# honda hss1332atd Oil



## RichRios (Feb 10, 2021)

What’s the best oil for honda hss1332atd? Thanks


----------



## orangputeh (Nov 24, 2016)

RichRios said:


> What’s the best oil for honda hss1332atd? Thanks


Refer to your owners manual. Either 5W-30 or 10W-30 depending on average outside temps in your area.


----------



## WrenchIt (Dec 6, 2020)

OMG, we don't have oil threads here like on the motorcycle forums? Honestly now, we cannot do better than what the owner's manual (the manufacturer) recommends? What ever happened to, 'if it ain't broke, fix it'?


----------



## drmerdp (Feb 9, 2014)

I'd go with any 5w-30 power equipment specific oil. One with an additive package best suited for splash lubricated air cooled engines. Yamalube, Honda PE, or Amsoil to name a few.

But frankly any 5w-30 is sufficient. As long as sufficient is good enough for you.


----------



## RichRios (Feb 10, 2021)

drmerdp said:


> I'd go with any 5w-30 power equipment specific oil. One with an additive package best suited for splash lubricated air cooled engines. Yamalube, Honda PE, or Amsoil to name a few.
> 
> But frankly any 5w-30 is sufficient. As long as sufficient is good enough for you.

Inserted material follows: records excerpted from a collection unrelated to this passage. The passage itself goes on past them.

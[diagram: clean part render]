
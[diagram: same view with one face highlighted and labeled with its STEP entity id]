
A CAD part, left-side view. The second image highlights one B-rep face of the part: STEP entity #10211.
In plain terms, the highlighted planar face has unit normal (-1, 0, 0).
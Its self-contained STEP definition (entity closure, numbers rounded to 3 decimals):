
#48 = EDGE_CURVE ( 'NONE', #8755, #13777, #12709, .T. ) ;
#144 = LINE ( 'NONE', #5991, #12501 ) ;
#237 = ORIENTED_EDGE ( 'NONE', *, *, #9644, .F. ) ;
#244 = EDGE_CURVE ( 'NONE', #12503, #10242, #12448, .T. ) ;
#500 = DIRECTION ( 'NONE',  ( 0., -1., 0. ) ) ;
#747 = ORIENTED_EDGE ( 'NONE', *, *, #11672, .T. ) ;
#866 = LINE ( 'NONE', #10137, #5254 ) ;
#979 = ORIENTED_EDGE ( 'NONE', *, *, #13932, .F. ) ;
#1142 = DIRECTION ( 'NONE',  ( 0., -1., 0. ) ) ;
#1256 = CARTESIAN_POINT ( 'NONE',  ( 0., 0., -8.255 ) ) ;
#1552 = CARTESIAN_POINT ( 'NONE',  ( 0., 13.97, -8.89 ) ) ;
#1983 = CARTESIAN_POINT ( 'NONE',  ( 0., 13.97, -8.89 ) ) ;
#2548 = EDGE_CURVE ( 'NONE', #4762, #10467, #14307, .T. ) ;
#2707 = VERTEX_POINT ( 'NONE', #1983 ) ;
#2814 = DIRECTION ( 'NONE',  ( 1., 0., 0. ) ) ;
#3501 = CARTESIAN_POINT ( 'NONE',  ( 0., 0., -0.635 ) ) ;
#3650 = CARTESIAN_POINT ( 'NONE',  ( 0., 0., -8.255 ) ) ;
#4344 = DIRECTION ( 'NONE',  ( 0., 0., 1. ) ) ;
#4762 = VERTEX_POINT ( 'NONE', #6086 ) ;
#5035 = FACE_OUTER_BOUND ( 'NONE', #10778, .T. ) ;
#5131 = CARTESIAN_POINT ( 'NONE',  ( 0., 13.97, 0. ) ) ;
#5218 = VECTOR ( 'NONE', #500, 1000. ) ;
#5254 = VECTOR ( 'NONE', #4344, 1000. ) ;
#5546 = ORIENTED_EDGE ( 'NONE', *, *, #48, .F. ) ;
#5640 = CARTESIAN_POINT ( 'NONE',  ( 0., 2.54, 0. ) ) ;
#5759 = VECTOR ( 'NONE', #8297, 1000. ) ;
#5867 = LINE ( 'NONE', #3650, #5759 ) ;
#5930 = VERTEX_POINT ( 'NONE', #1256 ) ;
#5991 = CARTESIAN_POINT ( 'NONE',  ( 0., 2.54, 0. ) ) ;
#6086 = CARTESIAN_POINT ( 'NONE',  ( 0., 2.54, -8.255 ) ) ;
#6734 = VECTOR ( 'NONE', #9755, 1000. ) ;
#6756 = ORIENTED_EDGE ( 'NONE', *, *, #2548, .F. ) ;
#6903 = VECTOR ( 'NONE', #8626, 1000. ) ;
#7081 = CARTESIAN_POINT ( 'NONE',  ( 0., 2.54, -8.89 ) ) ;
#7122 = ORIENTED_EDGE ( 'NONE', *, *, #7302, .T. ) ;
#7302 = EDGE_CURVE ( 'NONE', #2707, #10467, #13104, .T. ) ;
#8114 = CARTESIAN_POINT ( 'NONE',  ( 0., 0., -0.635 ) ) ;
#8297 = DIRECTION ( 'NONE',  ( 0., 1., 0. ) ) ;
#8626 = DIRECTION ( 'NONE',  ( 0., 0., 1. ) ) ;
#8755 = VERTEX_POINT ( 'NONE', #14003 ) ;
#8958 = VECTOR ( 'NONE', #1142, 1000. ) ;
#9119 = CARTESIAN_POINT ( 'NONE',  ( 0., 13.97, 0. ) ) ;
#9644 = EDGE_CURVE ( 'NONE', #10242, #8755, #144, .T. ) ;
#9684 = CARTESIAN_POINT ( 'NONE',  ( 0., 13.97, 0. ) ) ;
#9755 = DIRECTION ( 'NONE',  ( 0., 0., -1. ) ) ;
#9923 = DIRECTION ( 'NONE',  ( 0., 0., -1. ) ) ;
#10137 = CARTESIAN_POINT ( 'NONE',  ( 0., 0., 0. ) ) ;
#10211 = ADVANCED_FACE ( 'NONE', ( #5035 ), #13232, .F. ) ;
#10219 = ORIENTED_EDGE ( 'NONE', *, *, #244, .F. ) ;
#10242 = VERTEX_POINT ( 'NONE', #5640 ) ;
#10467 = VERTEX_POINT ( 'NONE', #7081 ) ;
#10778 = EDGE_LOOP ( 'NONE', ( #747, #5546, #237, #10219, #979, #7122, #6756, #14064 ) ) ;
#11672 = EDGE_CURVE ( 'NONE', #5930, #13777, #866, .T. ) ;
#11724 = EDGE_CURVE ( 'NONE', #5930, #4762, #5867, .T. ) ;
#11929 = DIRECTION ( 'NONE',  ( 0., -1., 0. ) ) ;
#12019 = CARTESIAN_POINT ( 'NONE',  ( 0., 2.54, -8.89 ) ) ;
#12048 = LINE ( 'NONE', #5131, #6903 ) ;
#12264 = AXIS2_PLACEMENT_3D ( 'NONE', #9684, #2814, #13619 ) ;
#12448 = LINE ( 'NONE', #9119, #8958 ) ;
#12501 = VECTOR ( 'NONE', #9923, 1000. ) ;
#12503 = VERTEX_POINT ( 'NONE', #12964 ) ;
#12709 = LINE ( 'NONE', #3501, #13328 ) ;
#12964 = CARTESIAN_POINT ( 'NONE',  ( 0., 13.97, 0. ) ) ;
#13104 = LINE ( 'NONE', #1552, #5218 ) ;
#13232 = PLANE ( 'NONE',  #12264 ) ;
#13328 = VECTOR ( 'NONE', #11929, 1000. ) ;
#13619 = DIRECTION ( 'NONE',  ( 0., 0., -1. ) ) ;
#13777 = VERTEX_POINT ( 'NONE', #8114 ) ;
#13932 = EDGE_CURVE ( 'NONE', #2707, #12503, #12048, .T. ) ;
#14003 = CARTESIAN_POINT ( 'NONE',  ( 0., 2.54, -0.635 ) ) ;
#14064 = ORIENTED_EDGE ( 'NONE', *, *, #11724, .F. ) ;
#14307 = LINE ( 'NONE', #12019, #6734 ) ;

I’m thinking about going with Pennzoil Ultra Platinum Full Synthetic 5W-30


----------



## orangputeh (Nov 24, 2016)

RichRios said:


> I’m thinking about going with Pennzoil Ultra Platinum Full Synthetic 5W-30


after machine is broke in


----------



## orangputeh (Nov 24, 2016)

WrenchIt said:


> OMG, we don't have oil threads here like on the motorcycle forums? Honestly now, we cannot do better than what the owner's manual (the manufacturer) recommends? What ever happened to, 'if it ain't broke, fix it'?


oil opinions are like you know what......everyone has one.

that is why I always say read your owners manual. those engineers who designed these engines aint no dummies.

JMFO


----------



## ST1100A (Feb 7, 2015)

You can break it in with expensive synthetic oil, it wont hurt a thing except your wallet when you change it after only 5 or 20 hours for the first break in change, so why waste the extra money on the good stuff when you will get a short life out of it before it is changed the first time.
Then afterwards run the expensive stuff and save your money on the first break in oil with it's short life.
You want to make sure you use a good quality 'Small Engine Oil' - 'Air Cooled Engine' not Automotive oil designed for car engines, there is a difference. Car oils are not designed for the abuse a small engine will put it through.


----------



## Arcticnorth (Nov 27, 2020)

RichRios said:


> What’s the best oil for honda hss1332atd? Thanks


In the user manual Honda recommends 5w-30 oil with *API classification SJ or newer. *So that is what I always use, Mobil or Castrol with those specs.


----------



## Tseg (Jan 29, 2021)

Certainly full synthetic oils have better flow properties than conventional oils due to having no wax in their makeup, so will get to the parts more quickly than a conventional oil that may start to gel closer to 0F. Synthetics tend to flow well closer to -40F. Over time (decades?) very cold starts with conventional oils will take their toll on an engine more than synthetics due to initial wear of the engine as a gelled (conventional) oil takes time to become fluid. Likewise, synthetics may enable a quicker start in very cold temperatures for a similar reason.


----------



## WrenchIt (Dec 6, 2020)

ST1100A said:


> You can break it in with expensive synthetic oil, it wont hurt a thing except your wallet when you change it after only 5 or 20 hours for the first break in change, so why waste the extra money on the good stuff when you will get a short life out of it before it is changed the first time.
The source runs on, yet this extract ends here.